IBM's Bob Picciano, general manager of Information Management, talks up five big data use cases, Hadoop-driven change; slams SAP Hana, NoSQL databases.

Zones Of Analysis

IW: So that's the velocity side of the big data story, but how are architectures changing to handle the onslaught of volume and variety?

Picciano: In the five use cases I described, we've seen the emergence of what we call analytic zones. The data warehouse is one of the zones inside a big data architecture. Then there's an exploration zone, which is typically Hadoop. Sometimes Hadoop is fronted with a data-discovery capability for indexing and categorization. In our case that's Vivisimo.

Real-time analytics is another zone. That's the stream processing we just talked about, and we see that as an important part of any organization's big data architecture. All of the companies that we're working with, whether it's General Motors or major telcos, have a need to look at information in real time for a variety of problems.
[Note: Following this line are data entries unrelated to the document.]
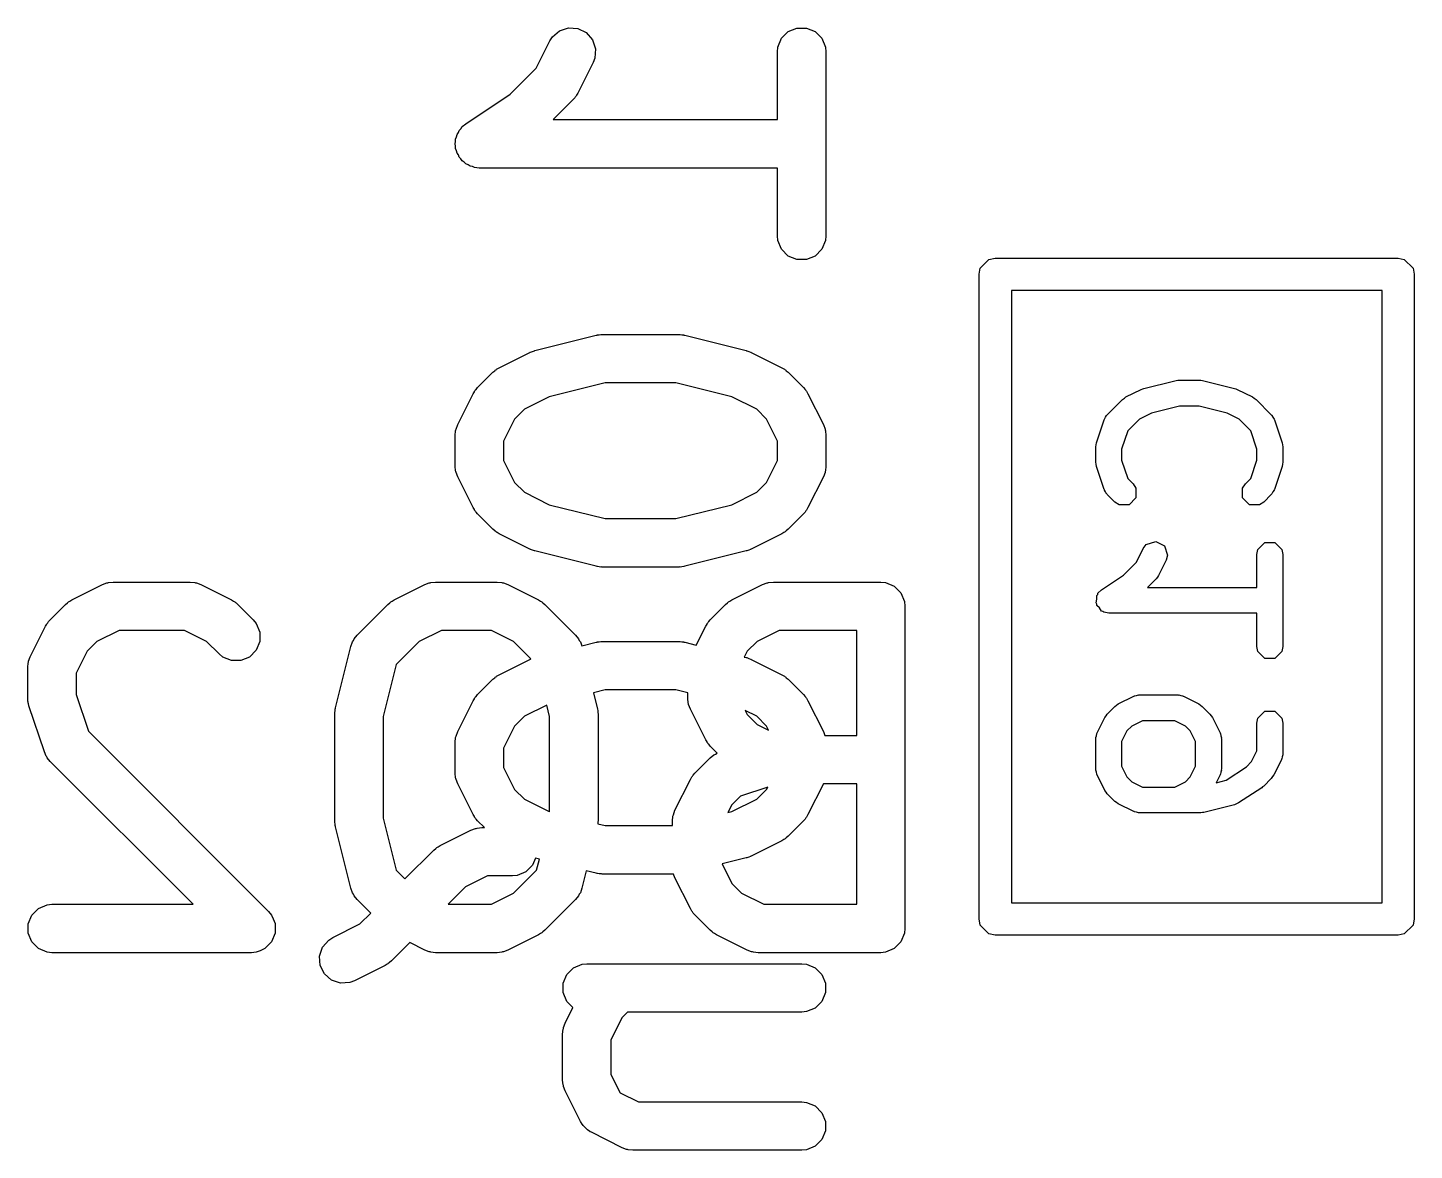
# Model space of a CAD drawing. Header units: inches. Extents: x 1.94 to 9.37, y -5.72 to -1.46.
# Drawn here: x 4.1914 to 4.3607, y -2.8846 to -2.7474 of the extents above; entities that cross this region are included whole.
import ezdxf

# ---------------------------------------------------------------- set-up
doc = ezdxf.new("R2010")
doc.units = ezdxf.units.IN
doc.header["$MEASUREMENT"] = 0
doc.layers.add('BLACK', color=250, linetype='CONTINUOUS')

msp = doc.modelspace()

# ---------------------------------------------------------------- linework, layer by layer
at = {"layer": 'BLACK', "linetype": 'CONTINUOUS'}
for p, q in [((4.25546, -2.74856), (4.25633, -2.74781)), ((4.25633, -2.74781), (4.25743, -2.74745)), ((4.25743, -2.74745), (4.25858, -2.74753)), ((4.25858, -2.74753), (4.25961, -2.74804)), ((4.25961, -2.74804), (4.26036, -2.74891)), ((4.28346, -2.74873), (4.28428, -2.74792)), ((4.28428, -2.74792), (4.28534, -2.74748)), ((4.28534, -2.74748), (4.28649, -2.74748)), ((4.28649, -2.74748), (4.28756, -2.74792)), ((4.28756, -2.74792), (4.28837, -2.74873)), ((4.2535, -2.75238), (4.25516, -2.74905)), ((4.25516, -2.74905), (4.25546, -2.74856)), ((4.26036, -2.74891), (4.26073, -2.75001)), ((4.26073, -2.75001), (4.26064, -2.75115)), ((4.28297, -2.75037), (4.28302, -2.7498)), ((4.28302, -2.7498), (4.28346, -2.74873)), ((4.28837, -2.74873), (4.28881, -2.7498)), ((4.28881, -2.7498), (4.28887, -2.75037)), ((4.26044, -2.7517), (4.25856, -2.75544)), ((4.26064, -2.75115), (4.26044, -2.7517)), ((4.28297, -2.75867), (4.28297, -2.75037)), ((4.28887, -2.75037), (4.28887, -2.77287)), ((4.25029, -2.75558), (4.2535, -2.75238)), ((4.24491, -2.75917), (4.25029, -2.75558)), ((4.25801, -2.75621), (4.25555, -2.75867)), ((4.2582, -2.75599), (4.25801, -2.75621)), ((4.25825, -2.75593), (4.2582, -2.75599)), ((4.25831, -2.75585), (4.25825, -2.75593)), ((4.25838, -2.75576), (4.25831, -2.75585)), ((4.25841, -2.75569), (4.25838, -2.75576)), ((4.25856, -2.75544), (4.25841, -2.75569)), ((4.24398, -2.76025), (4.24409, -2.75998)), ((4.24409, -2.75998), (4.2443, -2.75978)), ((4.2443, -2.75978), (4.24446, -2.75953)), ((4.24446, -2.75953), (4.24491, -2.75917)), ((4.24491, -2.75917), (4.24491, -2.75917)), ((4.24491, -2.75917), (4.24491, -2.75917)), ((4.24491, -2.75917), (4.24491, -2.75917)), ((4.25555, -2.75867), (4.28297, -2.75867)), ((4.2436, -2.76162), (4.24365, -2.76134)), ((4.24365, -2.76191), (4.2436, -2.76162)), ((4.24365, -2.76105), (4.24376, -2.76078)), ((4.24365, -2.76134), (4.24365, -2.76105)), ((4.24376, -2.76078), (4.24382, -2.76049)), ((4.24382, -2.76049), (4.24398, -2.76025)), ((4.24365, -2.7622), (4.24365, -2.76191)), ((4.24376, -2.76247), (4.24365, -2.7622)), ((4.24382, -2.76275), (4.24376, -2.76247)), ((4.24398, -2.76299), (4.24382, -2.76275)), ((4.24409, -2.76326), (4.24398, -2.76299)), ((4.2443, -2.76347), (4.24409, -2.76326)), ((4.24446, -2.76371), (4.2443, -2.76347)), ((4.2447, -2.76387), (4.24446, -2.76371)), ((4.24491, -2.76408), (4.2447, -2.76387)), ((4.24517, -2.76419), (4.24491, -2.76408)), ((4.24542, -2.76435), (4.24517, -2.76419)), ((4.2457, -2.76441), (4.24542, -2.76435)), ((4.24597, -2.76452), (4.2457, -2.76441)), ((4.24654, -2.76458), (4.24597, -2.76452)), ((4.24655, -2.76458), (4.24654, -2.76458)), ((4.24654, -2.76458), (4.24654, -2.76458)), ((4.28297, -2.76458), (4.24655, -2.76458)), ((4.24655, -2.76458), (4.24655, -2.76458)), ((4.28297, -2.77287), (4.28297, -2.76458)), ((4.28302, -2.77345), (4.28297, -2.77287)), ((4.28346, -2.77451), (4.28302, -2.77345)), ((4.28881, -2.77345), (4.28837, -2.77451)), ((4.28887, -2.77287), (4.28881, -2.77345)), ((4.28428, -2.77533), (4.28346, -2.77451)), ((4.28534, -2.77577), (4.28428, -2.77533)), ((4.28756, -2.77533), (4.28649, -2.77577)), ((4.28837, -2.77451), (4.28756, -2.77533)), ((4.28649, -2.77577), (4.28534, -2.77577)), ((4.30758, -2.77756), (4.30773, -2.77681)), ((4.30773, -2.77681), (4.30879, -2.77574)), ((4.30879, -2.77574), (4.30955, -2.77559)), ((4.30955, -2.77559), (4.35876, -2.77559)), ((4.35876, -2.77559), (4.35951, -2.77574)), ((4.35951, -2.77574), (4.36058, -2.77681)), ((4.36058, -2.77681), (4.36073, -2.77756)), ((4.30758, -2.8563), (4.30758, -2.77756)), ((4.36073, -2.77756), (4.36073, -2.8563)), ((4.31152, -2.77953), (4.31152, -2.85433)), ((4.35679, -2.77953), (4.31152, -2.77953)), ((4.35679, -2.85433), (4.35679, -2.77953)), ((4.25333, -2.78688), (4.26083, -2.78501)), ((4.26083, -2.78501), (4.26093, -2.78499)), ((4.26093, -2.78499), (4.26097, -2.78497)), ((4.26097, -2.78497), (4.26119, -2.78495)), ((4.26119, -2.78495), (4.2614, -2.78492)), ((4.2614, -2.78492), (4.26145, -2.78493)), ((4.26145, -2.78493), (4.26155, -2.78492)), ((4.26155, -2.78492), (4.27092, -2.78492)), ((4.27092, -2.78492), (4.27102, -2.78493)), ((4.27102, -2.78493), (4.27106, -2.78492)), ((4.27106, -2.78492), (4.27128, -2.78495)), ((4.27128, -2.78495), (4.2715, -2.78497)), ((4.2715, -2.78497), (4.27154, -2.78499)), ((4.27154, -2.78499), (4.27164, -2.78501)), ((4.27164, -2.78501), (4.27914, -2.78688)), ((4.24898, -2.78898), (4.25273, -2.7871)), ((4.25273, -2.7871), (4.25277, -2.78709)), ((4.25277, -2.78709), (4.25279, -2.78708)), ((4.25279, -2.78708), (4.25303, -2.78699)), ((4.25303, -2.78699), (4.25327, -2.7869)), ((4.25327, -2.7869), (4.25329, -2.7869)), ((4.25329, -2.7869), (4.25333, -2.78688)), ((4.27914, -2.78688), (4.27918, -2.7869)), ((4.27918, -2.7869), (4.2792, -2.7869)), ((4.2792, -2.7869), (4.27944, -2.78699)), ((4.27944, -2.78699), (4.27968, -2.78708)), ((4.27968, -2.78708), (4.2797, -2.78709)), ((4.2797, -2.78709), (4.27974, -2.7871)), ((4.27974, -2.7871), (4.28349, -2.78898)), ((4.24873, -2.78913), (4.24898, -2.78898)), ((4.28349, -2.78898), (4.28374, -2.78913)), ((4.24633, -2.79141), (4.24821, -2.78953)), ((4.24821, -2.78953), (4.24844, -2.78935)), ((4.24844, -2.78935), (4.24849, -2.78929)), ((4.24849, -2.78929), (4.24858, -2.78923)), ((4.24858, -2.78923), (4.24866, -2.78916)), ((4.24866, -2.78916), (4.24873, -2.78913)), ((4.28374, -2.78913), (4.28381, -2.78916)), ((4.28381, -2.78916), (4.28389, -2.78923)), ((4.28389, -2.78923), (4.28398, -2.78929)), ((4.28398, -2.78929), (4.28403, -2.78935)), ((4.28403, -2.78935), (4.28426, -2.78953)), ((4.28426, -2.78953), (4.28613, -2.79141)), ((4.32772, -2.7915), (4.33147, -2.79056)), ((4.33147, -2.79056), (4.33166, -2.79055)), ((4.33166, -2.79055), (4.33185, -2.79051)), ((4.33185, -2.79051), (4.33466, -2.79051)), ((4.33466, -2.79051), (4.33485, -2.79055)), ((4.33485, -2.79055), (4.33504, -2.79056)), ((4.33504, -2.79056), (4.33879, -2.7915)), ((4.24391, -2.79592), (4.24578, -2.79217)), ((4.24578, -2.79217), (4.24594, -2.79193)), ((4.24594, -2.79193), (4.24597, -2.79185)), ((4.24597, -2.79185), (4.24603, -2.79177)), ((4.24603, -2.79177), (4.24609, -2.79168)), ((4.24609, -2.79168), (4.24615, -2.79163)), ((4.24615, -2.79163), (4.24633, -2.79141)), ((4.26191, -2.79082), (4.25508, -2.79253)), ((4.27056, -2.79082), (4.26191, -2.79082)), ((4.27739, -2.79253), (4.27056, -2.79082)), ((4.28613, -2.79141), (4.28632, -2.79163)), ((4.28632, -2.79163), (4.28638, -2.79168)), ((4.28638, -2.79168), (4.28643, -2.79177)), ((4.28643, -2.79177), (4.2865, -2.79185)), ((4.2865, -2.79185), (4.28653, -2.79193)), ((4.28653, -2.79193), (4.28668, -2.79217)), ((4.28668, -2.79217), (4.28856, -2.79592)), ((4.32552, -2.79255), (4.32739, -2.79162)), ((4.32739, -2.79162), (4.32756, -2.79157)), ((4.32756, -2.79157), (4.32772, -2.7915)), ((4.33879, -2.7915), (4.33895, -2.79157)), ((4.33895, -2.79157), (4.33911, -2.79162)), ((4.33911, -2.79162), (4.34099, -2.79255)), ((4.25205, -2.79405), (4.25085, -2.79524)), ((4.25508, -2.79253), (4.25205, -2.79405)), ((4.28042, -2.79405), (4.27739, -2.79253)), ((4.28162, -2.79524), (4.28042, -2.79405)), ((4.32324, -2.79472), (4.32511, -2.79285)), ((4.32511, -2.79285), (4.32532, -2.79271)), ((4.32532, -2.79271), (4.32552, -2.79255)), ((4.33204, -2.79366), (4.32865, -2.79451)), ((4.33447, -2.79366), (4.33204, -2.79366)), ((4.33786, -2.79451), (4.33447, -2.79366)), ((4.34099, -2.79255), (4.34119, -2.79271)), ((4.34119, -2.79271), (4.3414, -2.79285)), ((4.3414, -2.79285), (4.34327, -2.79472)), ((4.25085, -2.79524), (4.2495, -2.79794)), ((4.28297, -2.79794), (4.28162, -2.79524)), ((4.32192, -2.79815), (4.32285, -2.79534)), ((4.32285, -2.79534), (4.32289, -2.79527)), ((4.32289, -2.79524), (4.32303, -2.79503)), ((4.32289, -2.79527), (4.32289, -2.79524)), ((4.32303, -2.79503), (4.32316, -2.79481)), ((4.32316, -2.79481), (4.32319, -2.79479)), ((4.32319, -2.79479), (4.32324, -2.79472)), ((4.32716, -2.79526), (4.32573, -2.79669)), ((4.32865, -2.79451), (4.32716, -2.79526)), ((4.33935, -2.79526), (4.33786, -2.79451)), ((4.34078, -2.79669), (4.33935, -2.79526)), ((4.34327, -2.79472), (4.34332, -2.79479)), ((4.34332, -2.79479), (4.34335, -2.79481)), ((4.34335, -2.79481), (4.34347, -2.79503)), ((4.34347, -2.79503), (4.34361, -2.79524)), ((4.34361, -2.79524), (4.34361, -2.79527)), ((4.34361, -2.79527), (4.34365, -2.79534)), ((4.34365, -2.79534), (4.34459, -2.79815)), ((4.2436, -2.79724), (4.24365, -2.79667)), ((4.2436, -2.80099), (4.2436, -2.79724)), ((4.24365, -2.79667), (4.24369, -2.79657)), ((4.24369, -2.79657), (4.2437, -2.79646)), ((4.2437, -2.79646), (4.24391, -2.79592)), ((4.28856, -2.79592), (4.28877, -2.79646)), ((4.28877, -2.79646), (4.28877, -2.79657)), ((4.28877, -2.79657), (4.28881, -2.79667)), ((4.28881, -2.79667), (4.28887, -2.79724)), ((4.28887, -2.79724), (4.28887, -2.80099)), ((4.32573, -2.79669), (4.32499, -2.79891)), ((4.34152, -2.79891), (4.34078, -2.79669)), ((4.2495, -2.79794), (4.2495, -2.8003)), ((4.28297, -2.8003), (4.28297, -2.79794)), ((4.32184, -2.79865), (4.32189, -2.7984)), ((4.32184, -2.80052), (4.32184, -2.79865)), ((4.32189, -2.7984), (4.32192, -2.79815)), ((4.32499, -2.79891), (4.32499, -2.80027)), ((4.34152, -2.80027), (4.34152, -2.79891)), ((4.34459, -2.79815), (4.34462, -2.7984)), ((4.34462, -2.7984), (4.34467, -2.79865)), ((4.34467, -2.79865), (4.34467, -2.80052)), ((4.2495, -2.8003), (4.25085, -2.80299)), ((4.28162, -2.80299), (4.28297, -2.8003)), ((4.32189, -2.80077), (4.32184, -2.80052)), ((4.32192, -2.80102), (4.32189, -2.80077)), ((4.32499, -2.80027), (4.32573, -2.80249)), ((4.34078, -2.80249), (4.34152, -2.80027)), ((4.34462, -2.80077), (4.34459, -2.80102)), ((4.34467, -2.80052), (4.34462, -2.80077)), ((4.24365, -2.80157), (4.2436, -2.80099)), ((4.24369, -2.80167), (4.24365, -2.80157)), ((4.2437, -2.80177), (4.24369, -2.80167)), ((4.24391, -2.80231), (4.2437, -2.80177)), ((4.24578, -2.80606), (4.24391, -2.80231)), ((4.28856, -2.80231), (4.28668, -2.80606)), ((4.28877, -2.80177), (4.28856, -2.80231)), ((4.28881, -2.80157), (4.28877, -2.80167)), ((4.28877, -2.80167), (4.28877, -2.80177)), ((4.28887, -2.80099), (4.28881, -2.80157)), ((4.32285, -2.80384), (4.32192, -2.80102)), ((4.32573, -2.80249), (4.3264, -2.80316)), ((4.34011, -2.80316), (4.34078, -2.80249)), ((4.34459, -2.80102), (4.34365, -2.80384)), ((4.25085, -2.80299), (4.25205, -2.80419)), ((4.25205, -2.80419), (4.25508, -2.80571)), ((4.27739, -2.80571), (4.28042, -2.80419)), ((4.28042, -2.80419), (4.28162, -2.80299)), ((4.32289, -2.8039), (4.32285, -2.80384)), ((4.32289, -2.80394), (4.32289, -2.8039)), ((4.32303, -2.80415), (4.32289, -2.80394)), ((4.32316, -2.80437), (4.32303, -2.80415)), ((4.3264, -2.80316), (4.32674, -2.80367)), ((4.32674, -2.80367), (4.32674, -2.80488)), ((4.33977, -2.80367), (4.34011, -2.80316)), ((4.33977, -2.80488), (4.33977, -2.80367)), ((4.34347, -2.80415), (4.34335, -2.80437)), ((4.34361, -2.80394), (4.34347, -2.80415)), ((4.34365, -2.80384), (4.34361, -2.8039)), ((4.34361, -2.8039), (4.34361, -2.80394)), ((4.25508, -2.80571), (4.26191, -2.80741)), ((4.27056, -2.80741), (4.27739, -2.80571)), ((4.32319, -2.80439), (4.32316, -2.80437)), ((4.32324, -2.80445), (4.32319, -2.80439)), ((4.32417, -2.80539), (4.32324, -2.80445)), ((4.32468, -2.80573), (4.32417, -2.80539)), ((4.32589, -2.80573), (4.32468, -2.80573)), ((4.32674, -2.80488), (4.32589, -2.80573)), ((4.34062, -2.80573), (4.33977, -2.80488)), ((4.34182, -2.80573), (4.34062, -2.80573)), ((4.34234, -2.80539), (4.34182, -2.80573)), ((4.34327, -2.80445), (4.34234, -2.80539)), ((4.34332, -2.80439), (4.34327, -2.80445)), ((4.34335, -2.80437), (4.34332, -2.80439)), ((4.24594, -2.80631), (4.24578, -2.80606)), ((4.24597, -2.80638), (4.24594, -2.80631)), ((4.24603, -2.80646), (4.24597, -2.80638)), ((4.24609, -2.80655), (4.24603, -2.80646)), ((4.24615, -2.8066), (4.24609, -2.80655)), ((4.24633, -2.80683), (4.24615, -2.8066)), ((4.24821, -2.80871), (4.24633, -2.80683)), ((4.26191, -2.80741), (4.27056, -2.80741)), ((4.28613, -2.80683), (4.28426, -2.80871)), ((4.28632, -2.8066), (4.28613, -2.80683)), ((4.28638, -2.80655), (4.28632, -2.8066)), ((4.28643, -2.80646), (4.28638, -2.80655)), ((4.2865, -2.80638), (4.28643, -2.80646)), ((4.28653, -2.80631), (4.2865, -2.80638)), ((4.28668, -2.80606), (4.28653, -2.80631)), ((4.24844, -2.80889), (4.24821, -2.80871)), ((4.24849, -2.80895), (4.24844, -2.80889)), ((4.24858, -2.80901), (4.24849, -2.80895)), ((4.24866, -2.80907), (4.24858, -2.80901)), ((4.24873, -2.8091), (4.24866, -2.80907)), ((4.24898, -2.80926), (4.24873, -2.8091)), ((4.25273, -2.81113), (4.24898, -2.80926)), ((4.28349, -2.80926), (4.27974, -2.81113)), ((4.28374, -2.8091), (4.28349, -2.80926)), ((4.28381, -2.80907), (4.28374, -2.8091)), ((4.28389, -2.80901), (4.28381, -2.80907)), ((4.28398, -2.80895), (4.28389, -2.80901)), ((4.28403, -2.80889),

IW: IBM recently announced BLU Acceleration for DB2, which in some ways seemed like a throwback to 2009-2010, when IBM acquired Netezza. Is that still a problem that companies need to solve?

Picciano: It's still a red-hot problem. Most data warehouses are in the under-10-terabyte range and there are a lot of data marts out there... One thing that's been underemphasized about BLU is that it's an in-memory, columnar table type inside of the DB2 database management system. That means we can give anyone who's running transactional applications the best of both worlds by implementing BLU on a highly proven, highly scalable resilient row-store database [in DB2]. As workloads need the analytical and reporting aspect, you can utilize BLU tables for the ultimate in performance.

IW: So what's the use case for BLU versus PureData For Analytics, formerly known as Netezza?

Picciano: Netezza can handle extraordinarily large collections, and it has been tuned, over the years, for very specific workloads such as retail data and call data records in telco operations. We're talking about petabyte-size collections whereas BLU runs inside of a single system, so it's for collections under 50 terabytes.

IW: That's kind of confusing because DB2 is the enterprise data warehouse product aimed at the ultimate in scale. How does BLU work within DB2?

Picciano: BLU doesn't cluster, but the rest of DB2 does. So inside of a DB2 instance you would have a BLU table. BLU is especially helpful for reporting because one of the things that the in-memory, columnar technology does is perform extraordinarily well -- even if you write some very bad SQL.

For tools like Cognos, BusinessObjects or MicroStrategy, where there are line-of-business users who aren't up on their SQL skills, the database administrators can just create the table, organize it by column and load the information. The tool will generate the SQL and you'll see tremendous performance. You don't have to worry about whether you're going to do a star schema or a snowflake schema or whether you're going to implement multi-dimensional clusters and range partitioning. With BLU, all that goes away. It's like loading up a spreadsheet but it performs like a supercomputer.

IW: IBM has drawn competitive comparisons between BLU and SAP Hana, but if Hana is running entirely in RAM and BLU use a mix of memory and disk, how could it perform any better?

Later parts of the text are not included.